Affiliation: Research Center for Harmful Algae and Marine Biology, Key Laboratory of Eutrophication and Red Tide Prevention of Guangdong Higher Education Institutes, Jinan University, Guangzhou, China.

ABSTRACT
Aureococcus anophagefferens is a harmful alga that dominates plankton communities during brown tides in North America, Africa, and Asia. Here, RNA-seq technology was used to profile the transcriptome of a Chinese strain of A. anophagefferens that was grown on urea, nitrate, and a mixture of urea and nitrate, and that was under N-replete, limited and recovery conditions to understand the molecular mechanisms that underlie nitrate and urea utilization. The number of differentially expressed genes between urea-grown and mixture N-grown cells were much less than those between urea-grown and nitrate-grown cells.
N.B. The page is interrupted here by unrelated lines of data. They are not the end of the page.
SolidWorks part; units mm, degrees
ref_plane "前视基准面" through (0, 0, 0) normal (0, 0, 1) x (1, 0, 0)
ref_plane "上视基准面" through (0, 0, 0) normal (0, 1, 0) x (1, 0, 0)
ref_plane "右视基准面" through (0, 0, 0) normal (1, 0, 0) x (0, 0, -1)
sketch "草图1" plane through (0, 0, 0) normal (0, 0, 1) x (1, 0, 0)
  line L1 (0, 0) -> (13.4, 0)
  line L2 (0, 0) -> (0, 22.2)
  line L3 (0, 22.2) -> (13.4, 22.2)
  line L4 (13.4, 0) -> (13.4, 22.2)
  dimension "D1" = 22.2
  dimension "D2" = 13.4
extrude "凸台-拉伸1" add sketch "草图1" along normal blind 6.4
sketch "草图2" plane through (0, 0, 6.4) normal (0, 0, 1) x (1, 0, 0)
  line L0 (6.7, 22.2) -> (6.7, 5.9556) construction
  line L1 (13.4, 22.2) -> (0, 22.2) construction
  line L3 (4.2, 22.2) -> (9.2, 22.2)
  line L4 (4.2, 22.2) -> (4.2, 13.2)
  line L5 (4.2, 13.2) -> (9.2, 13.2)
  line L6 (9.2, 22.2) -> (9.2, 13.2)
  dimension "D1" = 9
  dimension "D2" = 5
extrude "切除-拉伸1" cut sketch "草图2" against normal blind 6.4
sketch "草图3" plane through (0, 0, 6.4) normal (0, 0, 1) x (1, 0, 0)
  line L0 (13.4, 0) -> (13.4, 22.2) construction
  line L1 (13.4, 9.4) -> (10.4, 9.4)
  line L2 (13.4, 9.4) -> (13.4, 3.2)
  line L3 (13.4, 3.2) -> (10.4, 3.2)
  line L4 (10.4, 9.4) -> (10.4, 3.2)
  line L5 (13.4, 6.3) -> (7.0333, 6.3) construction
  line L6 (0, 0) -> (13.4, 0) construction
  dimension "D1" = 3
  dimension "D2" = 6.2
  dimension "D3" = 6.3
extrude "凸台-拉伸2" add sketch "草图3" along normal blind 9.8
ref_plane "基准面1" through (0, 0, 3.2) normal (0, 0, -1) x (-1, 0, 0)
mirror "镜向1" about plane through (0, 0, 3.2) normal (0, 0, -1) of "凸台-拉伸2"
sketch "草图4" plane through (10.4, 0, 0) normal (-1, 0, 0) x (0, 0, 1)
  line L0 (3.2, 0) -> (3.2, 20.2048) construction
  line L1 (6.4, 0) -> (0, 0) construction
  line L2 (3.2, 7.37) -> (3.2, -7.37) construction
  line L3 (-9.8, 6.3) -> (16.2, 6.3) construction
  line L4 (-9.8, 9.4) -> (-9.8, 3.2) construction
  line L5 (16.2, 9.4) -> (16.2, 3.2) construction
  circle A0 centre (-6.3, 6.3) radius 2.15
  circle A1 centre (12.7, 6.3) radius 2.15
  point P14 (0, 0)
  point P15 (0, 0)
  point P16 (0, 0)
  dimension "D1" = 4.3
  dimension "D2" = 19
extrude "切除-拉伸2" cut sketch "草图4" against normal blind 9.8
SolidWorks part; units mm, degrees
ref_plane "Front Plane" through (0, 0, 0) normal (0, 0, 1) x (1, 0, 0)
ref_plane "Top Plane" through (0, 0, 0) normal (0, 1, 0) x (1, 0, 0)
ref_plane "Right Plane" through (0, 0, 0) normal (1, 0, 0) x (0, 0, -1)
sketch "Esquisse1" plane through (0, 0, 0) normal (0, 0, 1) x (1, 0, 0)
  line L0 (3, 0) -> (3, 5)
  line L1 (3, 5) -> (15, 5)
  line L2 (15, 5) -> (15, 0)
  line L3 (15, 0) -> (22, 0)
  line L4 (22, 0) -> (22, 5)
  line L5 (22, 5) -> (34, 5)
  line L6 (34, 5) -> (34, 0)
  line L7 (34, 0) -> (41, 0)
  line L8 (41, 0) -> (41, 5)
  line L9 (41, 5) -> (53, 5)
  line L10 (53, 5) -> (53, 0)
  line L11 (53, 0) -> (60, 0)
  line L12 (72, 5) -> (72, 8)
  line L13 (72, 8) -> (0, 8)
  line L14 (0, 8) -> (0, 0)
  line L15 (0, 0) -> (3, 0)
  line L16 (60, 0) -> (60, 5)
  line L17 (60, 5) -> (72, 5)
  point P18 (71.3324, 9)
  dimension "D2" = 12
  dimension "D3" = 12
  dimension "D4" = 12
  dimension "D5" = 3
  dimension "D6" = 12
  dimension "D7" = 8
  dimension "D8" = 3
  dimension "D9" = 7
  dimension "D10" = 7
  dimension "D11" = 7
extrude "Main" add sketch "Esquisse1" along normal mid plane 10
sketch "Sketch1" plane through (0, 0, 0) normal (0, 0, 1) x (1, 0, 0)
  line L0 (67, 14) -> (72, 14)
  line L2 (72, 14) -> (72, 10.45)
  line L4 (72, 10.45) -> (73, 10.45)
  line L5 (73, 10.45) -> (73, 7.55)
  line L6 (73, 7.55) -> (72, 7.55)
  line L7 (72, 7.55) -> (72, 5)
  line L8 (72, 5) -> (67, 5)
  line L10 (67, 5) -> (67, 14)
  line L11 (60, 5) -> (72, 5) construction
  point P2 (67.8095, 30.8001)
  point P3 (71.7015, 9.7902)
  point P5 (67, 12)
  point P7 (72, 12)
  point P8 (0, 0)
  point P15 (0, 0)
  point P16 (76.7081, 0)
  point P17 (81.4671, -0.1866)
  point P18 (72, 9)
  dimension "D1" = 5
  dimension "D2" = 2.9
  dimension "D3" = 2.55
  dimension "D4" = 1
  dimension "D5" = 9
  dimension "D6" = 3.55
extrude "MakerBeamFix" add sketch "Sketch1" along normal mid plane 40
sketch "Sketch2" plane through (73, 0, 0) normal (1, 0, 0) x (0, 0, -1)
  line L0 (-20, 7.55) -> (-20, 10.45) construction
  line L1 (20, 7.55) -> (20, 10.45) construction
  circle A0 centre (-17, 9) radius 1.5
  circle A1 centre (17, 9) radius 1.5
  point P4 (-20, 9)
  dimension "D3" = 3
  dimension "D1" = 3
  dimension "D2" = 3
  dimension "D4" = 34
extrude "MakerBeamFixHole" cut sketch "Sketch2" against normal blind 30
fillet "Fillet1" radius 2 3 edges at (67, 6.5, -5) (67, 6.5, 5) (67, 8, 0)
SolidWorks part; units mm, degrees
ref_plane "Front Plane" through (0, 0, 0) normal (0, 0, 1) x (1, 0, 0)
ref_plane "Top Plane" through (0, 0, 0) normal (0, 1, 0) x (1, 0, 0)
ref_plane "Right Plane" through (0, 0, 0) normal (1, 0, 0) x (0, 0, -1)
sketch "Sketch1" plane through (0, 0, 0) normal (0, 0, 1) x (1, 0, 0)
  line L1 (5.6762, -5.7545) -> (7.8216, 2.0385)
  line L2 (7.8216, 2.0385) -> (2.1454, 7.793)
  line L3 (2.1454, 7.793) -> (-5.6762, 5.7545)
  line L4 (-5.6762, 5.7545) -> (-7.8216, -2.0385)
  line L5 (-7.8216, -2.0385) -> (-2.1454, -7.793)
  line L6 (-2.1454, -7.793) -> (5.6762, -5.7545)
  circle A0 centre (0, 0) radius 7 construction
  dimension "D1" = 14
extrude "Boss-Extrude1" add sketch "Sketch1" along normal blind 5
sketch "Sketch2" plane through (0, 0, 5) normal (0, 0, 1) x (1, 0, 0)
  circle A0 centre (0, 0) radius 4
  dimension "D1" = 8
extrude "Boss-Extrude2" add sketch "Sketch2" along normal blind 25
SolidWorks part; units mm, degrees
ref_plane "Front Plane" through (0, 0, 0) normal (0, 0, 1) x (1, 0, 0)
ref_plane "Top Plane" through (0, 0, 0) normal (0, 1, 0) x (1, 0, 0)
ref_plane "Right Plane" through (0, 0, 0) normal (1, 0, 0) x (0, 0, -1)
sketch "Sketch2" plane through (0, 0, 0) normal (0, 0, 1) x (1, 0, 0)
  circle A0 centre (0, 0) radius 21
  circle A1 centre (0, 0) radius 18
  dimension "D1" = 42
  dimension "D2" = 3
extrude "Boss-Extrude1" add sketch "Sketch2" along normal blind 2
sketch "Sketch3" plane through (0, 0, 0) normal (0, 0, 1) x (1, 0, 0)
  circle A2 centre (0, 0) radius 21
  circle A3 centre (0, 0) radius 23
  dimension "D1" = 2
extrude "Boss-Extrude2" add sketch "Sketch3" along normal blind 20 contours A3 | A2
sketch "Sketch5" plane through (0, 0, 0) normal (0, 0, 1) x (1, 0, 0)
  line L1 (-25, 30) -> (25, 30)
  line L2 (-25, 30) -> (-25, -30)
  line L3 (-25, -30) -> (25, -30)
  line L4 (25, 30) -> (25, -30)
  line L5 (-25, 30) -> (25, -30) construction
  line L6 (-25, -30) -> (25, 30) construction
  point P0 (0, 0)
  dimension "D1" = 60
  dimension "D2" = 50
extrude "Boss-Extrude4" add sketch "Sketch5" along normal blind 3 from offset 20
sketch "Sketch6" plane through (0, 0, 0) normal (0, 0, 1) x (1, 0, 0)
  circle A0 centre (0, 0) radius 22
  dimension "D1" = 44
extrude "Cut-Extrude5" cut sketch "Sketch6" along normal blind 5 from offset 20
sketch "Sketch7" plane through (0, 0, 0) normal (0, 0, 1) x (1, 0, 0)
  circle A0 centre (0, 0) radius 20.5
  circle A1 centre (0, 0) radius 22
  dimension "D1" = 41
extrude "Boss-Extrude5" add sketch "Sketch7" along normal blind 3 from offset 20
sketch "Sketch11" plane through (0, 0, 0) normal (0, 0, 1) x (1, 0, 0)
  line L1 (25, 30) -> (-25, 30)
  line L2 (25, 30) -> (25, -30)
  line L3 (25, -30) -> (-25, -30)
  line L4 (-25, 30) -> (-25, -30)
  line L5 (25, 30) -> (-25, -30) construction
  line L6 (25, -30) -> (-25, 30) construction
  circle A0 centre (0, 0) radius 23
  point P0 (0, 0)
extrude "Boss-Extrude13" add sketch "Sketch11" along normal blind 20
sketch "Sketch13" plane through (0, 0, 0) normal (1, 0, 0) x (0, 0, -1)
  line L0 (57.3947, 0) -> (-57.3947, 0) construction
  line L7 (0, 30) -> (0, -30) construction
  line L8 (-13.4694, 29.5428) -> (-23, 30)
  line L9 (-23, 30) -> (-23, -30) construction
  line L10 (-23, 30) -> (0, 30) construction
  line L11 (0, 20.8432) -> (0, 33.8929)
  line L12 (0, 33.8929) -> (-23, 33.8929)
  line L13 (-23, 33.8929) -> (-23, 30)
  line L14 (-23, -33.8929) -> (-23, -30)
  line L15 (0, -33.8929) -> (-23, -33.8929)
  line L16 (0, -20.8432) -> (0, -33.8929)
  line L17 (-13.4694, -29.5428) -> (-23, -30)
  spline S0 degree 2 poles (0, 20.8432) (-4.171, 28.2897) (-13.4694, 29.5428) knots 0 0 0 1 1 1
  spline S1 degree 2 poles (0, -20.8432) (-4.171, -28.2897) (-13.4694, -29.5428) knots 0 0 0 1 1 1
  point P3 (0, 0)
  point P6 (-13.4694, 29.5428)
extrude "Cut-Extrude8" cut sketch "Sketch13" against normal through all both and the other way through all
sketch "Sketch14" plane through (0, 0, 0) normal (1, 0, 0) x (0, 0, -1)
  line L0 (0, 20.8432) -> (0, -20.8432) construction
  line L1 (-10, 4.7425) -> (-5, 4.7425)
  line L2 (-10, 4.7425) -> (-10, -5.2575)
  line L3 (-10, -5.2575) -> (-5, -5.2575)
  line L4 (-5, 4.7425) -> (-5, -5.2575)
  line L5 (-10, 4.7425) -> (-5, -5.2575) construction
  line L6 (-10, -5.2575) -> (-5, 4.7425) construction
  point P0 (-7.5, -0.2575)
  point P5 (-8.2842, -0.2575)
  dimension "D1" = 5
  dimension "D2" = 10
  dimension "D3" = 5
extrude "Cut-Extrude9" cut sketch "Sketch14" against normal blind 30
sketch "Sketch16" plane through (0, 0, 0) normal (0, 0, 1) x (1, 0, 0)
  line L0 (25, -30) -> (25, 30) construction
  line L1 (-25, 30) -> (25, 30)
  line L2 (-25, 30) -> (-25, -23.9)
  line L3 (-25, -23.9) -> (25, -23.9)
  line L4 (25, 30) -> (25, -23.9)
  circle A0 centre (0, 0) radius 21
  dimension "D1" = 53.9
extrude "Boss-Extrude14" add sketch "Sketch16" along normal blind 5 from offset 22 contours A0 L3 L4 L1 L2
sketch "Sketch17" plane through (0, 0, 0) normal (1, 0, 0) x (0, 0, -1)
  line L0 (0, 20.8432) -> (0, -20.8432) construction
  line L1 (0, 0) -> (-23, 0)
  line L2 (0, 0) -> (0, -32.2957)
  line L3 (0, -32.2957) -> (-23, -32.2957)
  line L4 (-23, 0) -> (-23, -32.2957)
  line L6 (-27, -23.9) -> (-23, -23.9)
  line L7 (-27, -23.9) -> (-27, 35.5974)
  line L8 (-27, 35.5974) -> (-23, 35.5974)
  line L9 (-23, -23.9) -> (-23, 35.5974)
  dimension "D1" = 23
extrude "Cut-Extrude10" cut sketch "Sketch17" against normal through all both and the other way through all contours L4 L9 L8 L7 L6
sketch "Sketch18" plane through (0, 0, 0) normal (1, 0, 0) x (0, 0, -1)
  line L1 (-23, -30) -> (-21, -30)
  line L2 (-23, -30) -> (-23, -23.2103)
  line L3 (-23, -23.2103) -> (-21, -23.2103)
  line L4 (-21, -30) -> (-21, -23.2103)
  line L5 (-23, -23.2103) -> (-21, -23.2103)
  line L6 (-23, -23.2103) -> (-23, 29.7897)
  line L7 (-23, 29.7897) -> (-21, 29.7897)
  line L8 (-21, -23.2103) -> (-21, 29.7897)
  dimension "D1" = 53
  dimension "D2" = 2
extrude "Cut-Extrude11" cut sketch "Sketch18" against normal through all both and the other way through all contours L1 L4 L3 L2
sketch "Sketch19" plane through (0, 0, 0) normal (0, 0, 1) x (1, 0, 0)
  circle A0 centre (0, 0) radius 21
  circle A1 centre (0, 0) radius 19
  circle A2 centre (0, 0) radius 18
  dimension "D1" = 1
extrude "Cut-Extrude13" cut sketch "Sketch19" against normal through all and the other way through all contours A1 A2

Compared with nitrate-grown cells, mixture N-grown cells contained much lower levels of transcripts encoding proteins that are involved in nitrate transport and assimilation. Together with profiles of nutrient changes in media, these results suggest that A. anophagefferens primarily feeds on urea instead of nitrate when urea and nitrate co-exist. Furthermore, we noted that transcripts upregulated by nitrate and N-limitation included those encoding proteins involved in amino acid and nucleotide transport, degradation of amides and cyanates, and nitrate assimilation pathway. The data suggest that A. anophagefferens possesses an ability to utilize a variety of dissolved organic nitrogen. Moreover, transcripts for synthesis of proteins, glutamate-derived amino acids, spermines and sterols were upregulated by urea. Transcripts encoding key enzymes that are involved in the ornithine-urea and TCA cycles were differentially regulated by urea and nitrogen concentration, which suggests that the OUC may be linked to the TCA cycle and involved in reallocation of intracellular carbon and nitrogen. These genes regulated by urea may be crucial for the rapid proliferation of A. anophagefferens when urea is provided as the N source.